* _INSTRUCTIONS TO FOLLOW_:
In the records below, find each line with "ezdxf" and copy it.

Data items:
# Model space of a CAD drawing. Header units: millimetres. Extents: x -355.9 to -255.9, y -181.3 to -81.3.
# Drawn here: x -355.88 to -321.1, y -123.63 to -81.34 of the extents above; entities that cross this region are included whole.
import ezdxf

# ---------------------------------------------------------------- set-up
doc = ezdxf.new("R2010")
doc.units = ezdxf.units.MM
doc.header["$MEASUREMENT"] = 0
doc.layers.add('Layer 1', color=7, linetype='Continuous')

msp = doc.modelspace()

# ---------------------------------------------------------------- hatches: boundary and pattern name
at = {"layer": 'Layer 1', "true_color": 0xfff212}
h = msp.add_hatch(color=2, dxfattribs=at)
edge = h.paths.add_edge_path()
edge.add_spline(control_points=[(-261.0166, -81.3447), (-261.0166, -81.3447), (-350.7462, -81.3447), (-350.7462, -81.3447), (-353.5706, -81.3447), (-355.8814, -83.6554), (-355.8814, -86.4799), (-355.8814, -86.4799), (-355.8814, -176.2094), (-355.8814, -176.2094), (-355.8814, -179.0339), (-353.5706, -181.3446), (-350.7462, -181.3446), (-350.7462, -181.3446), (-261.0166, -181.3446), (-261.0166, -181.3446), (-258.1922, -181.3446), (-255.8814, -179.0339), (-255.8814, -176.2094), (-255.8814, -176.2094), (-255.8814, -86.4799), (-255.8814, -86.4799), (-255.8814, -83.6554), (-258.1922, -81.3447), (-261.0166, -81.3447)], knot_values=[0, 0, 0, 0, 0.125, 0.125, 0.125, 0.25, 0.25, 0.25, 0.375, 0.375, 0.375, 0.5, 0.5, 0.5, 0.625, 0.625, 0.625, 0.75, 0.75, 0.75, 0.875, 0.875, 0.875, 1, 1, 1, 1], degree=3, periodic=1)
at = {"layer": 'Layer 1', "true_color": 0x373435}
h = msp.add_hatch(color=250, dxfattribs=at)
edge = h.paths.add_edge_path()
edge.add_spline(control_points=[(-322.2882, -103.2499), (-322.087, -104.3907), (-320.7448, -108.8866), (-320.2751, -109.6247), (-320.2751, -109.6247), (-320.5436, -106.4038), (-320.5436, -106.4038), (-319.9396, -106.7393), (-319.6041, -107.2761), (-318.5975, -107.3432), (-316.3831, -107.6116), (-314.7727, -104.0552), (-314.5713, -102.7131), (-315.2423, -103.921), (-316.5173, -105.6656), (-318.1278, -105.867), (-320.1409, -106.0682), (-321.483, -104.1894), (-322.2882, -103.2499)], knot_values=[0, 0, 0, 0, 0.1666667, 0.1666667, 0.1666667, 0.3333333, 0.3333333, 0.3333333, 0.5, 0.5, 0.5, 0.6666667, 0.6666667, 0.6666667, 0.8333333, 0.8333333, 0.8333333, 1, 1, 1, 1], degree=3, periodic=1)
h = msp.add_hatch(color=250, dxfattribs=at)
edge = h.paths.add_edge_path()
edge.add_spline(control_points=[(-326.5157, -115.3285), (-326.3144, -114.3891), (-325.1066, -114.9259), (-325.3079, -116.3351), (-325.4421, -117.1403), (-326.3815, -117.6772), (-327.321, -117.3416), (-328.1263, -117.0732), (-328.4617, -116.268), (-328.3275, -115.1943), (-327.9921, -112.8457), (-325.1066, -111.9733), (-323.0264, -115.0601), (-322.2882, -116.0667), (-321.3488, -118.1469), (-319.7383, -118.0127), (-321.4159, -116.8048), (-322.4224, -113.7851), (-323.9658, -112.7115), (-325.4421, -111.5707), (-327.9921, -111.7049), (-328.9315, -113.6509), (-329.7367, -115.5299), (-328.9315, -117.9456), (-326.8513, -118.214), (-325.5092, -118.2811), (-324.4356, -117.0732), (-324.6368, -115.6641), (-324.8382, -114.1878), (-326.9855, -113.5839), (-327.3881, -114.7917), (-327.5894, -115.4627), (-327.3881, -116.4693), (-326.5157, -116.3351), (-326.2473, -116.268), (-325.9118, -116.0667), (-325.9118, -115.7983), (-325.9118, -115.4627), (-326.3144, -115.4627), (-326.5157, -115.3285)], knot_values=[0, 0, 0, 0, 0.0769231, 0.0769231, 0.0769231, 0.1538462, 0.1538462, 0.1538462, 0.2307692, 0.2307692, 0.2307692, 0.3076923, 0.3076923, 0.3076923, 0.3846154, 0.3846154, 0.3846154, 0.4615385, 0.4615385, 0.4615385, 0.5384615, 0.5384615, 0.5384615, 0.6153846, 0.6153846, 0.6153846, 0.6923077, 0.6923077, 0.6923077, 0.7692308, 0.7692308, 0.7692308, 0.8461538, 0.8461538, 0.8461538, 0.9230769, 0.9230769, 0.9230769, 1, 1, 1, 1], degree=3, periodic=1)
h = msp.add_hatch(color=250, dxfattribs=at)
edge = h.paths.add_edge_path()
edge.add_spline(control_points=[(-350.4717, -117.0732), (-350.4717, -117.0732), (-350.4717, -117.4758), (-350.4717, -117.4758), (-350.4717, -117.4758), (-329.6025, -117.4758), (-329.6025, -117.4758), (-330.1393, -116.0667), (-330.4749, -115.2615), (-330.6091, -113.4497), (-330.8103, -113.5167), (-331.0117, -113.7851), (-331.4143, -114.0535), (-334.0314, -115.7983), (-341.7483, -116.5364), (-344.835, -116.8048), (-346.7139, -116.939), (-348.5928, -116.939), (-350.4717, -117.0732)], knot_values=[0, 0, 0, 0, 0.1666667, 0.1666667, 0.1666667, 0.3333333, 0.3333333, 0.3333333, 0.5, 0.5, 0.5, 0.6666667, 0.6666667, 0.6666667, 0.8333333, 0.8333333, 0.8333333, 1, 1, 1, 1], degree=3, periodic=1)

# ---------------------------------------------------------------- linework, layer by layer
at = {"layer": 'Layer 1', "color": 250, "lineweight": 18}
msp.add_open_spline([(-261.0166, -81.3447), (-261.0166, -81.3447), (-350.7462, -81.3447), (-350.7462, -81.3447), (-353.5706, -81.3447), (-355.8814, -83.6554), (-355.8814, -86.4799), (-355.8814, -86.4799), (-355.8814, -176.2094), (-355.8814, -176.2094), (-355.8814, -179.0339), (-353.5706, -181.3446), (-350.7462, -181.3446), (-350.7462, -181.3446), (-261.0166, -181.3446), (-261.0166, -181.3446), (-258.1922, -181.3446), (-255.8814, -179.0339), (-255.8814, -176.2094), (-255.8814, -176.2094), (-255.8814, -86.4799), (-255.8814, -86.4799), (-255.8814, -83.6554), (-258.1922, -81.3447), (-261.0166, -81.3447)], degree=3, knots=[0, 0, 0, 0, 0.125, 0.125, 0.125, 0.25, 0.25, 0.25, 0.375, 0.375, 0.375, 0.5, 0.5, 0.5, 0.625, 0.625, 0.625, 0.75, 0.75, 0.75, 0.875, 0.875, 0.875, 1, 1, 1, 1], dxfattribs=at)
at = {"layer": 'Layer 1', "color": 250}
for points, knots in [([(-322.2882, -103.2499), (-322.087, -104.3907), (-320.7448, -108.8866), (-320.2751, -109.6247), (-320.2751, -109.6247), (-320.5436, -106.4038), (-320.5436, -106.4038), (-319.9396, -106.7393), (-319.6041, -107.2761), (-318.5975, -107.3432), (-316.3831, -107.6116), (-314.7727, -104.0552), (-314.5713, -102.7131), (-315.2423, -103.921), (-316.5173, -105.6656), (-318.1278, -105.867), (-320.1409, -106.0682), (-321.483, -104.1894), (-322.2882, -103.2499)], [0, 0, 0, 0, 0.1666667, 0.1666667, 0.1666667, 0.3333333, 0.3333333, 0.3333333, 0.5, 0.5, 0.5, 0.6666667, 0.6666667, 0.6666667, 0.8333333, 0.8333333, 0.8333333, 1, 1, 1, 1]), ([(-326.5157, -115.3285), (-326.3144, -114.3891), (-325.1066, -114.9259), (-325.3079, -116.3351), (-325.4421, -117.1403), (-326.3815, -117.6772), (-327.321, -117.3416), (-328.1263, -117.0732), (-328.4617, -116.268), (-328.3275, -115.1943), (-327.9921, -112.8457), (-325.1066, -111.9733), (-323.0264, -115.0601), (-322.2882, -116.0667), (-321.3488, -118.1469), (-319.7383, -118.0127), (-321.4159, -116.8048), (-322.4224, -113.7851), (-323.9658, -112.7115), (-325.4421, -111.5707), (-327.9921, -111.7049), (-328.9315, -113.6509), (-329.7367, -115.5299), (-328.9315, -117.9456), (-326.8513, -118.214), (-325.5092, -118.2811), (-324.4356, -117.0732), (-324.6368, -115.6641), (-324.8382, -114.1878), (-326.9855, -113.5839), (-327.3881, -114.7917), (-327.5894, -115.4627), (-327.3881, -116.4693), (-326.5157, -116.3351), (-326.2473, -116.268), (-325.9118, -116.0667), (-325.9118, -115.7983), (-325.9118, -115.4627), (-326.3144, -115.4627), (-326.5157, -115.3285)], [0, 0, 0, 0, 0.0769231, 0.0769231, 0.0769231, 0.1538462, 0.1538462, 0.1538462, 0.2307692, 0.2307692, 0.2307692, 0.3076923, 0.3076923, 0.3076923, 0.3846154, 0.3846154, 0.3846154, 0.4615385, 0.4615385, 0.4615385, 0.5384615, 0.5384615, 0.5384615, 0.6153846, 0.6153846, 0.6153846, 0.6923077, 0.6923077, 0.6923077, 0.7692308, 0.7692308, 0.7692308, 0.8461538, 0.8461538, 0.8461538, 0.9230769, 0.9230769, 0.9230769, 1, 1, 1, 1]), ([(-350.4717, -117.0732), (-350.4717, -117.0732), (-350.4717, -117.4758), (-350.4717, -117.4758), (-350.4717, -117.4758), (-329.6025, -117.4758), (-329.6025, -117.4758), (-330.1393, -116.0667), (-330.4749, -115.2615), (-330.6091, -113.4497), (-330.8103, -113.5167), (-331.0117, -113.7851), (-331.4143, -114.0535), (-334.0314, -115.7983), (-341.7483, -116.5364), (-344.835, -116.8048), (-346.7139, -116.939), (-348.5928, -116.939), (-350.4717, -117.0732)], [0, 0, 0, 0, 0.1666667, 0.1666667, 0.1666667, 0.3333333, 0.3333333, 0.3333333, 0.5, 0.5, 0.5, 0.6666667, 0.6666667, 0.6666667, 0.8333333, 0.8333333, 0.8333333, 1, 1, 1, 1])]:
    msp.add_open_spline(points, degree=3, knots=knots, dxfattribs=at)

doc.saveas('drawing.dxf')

* _RESULT OF THIS EXERCISE_:
import ezdxf
doc = ezdxf.new("R2010")
doc.units = ezdxf.units.MM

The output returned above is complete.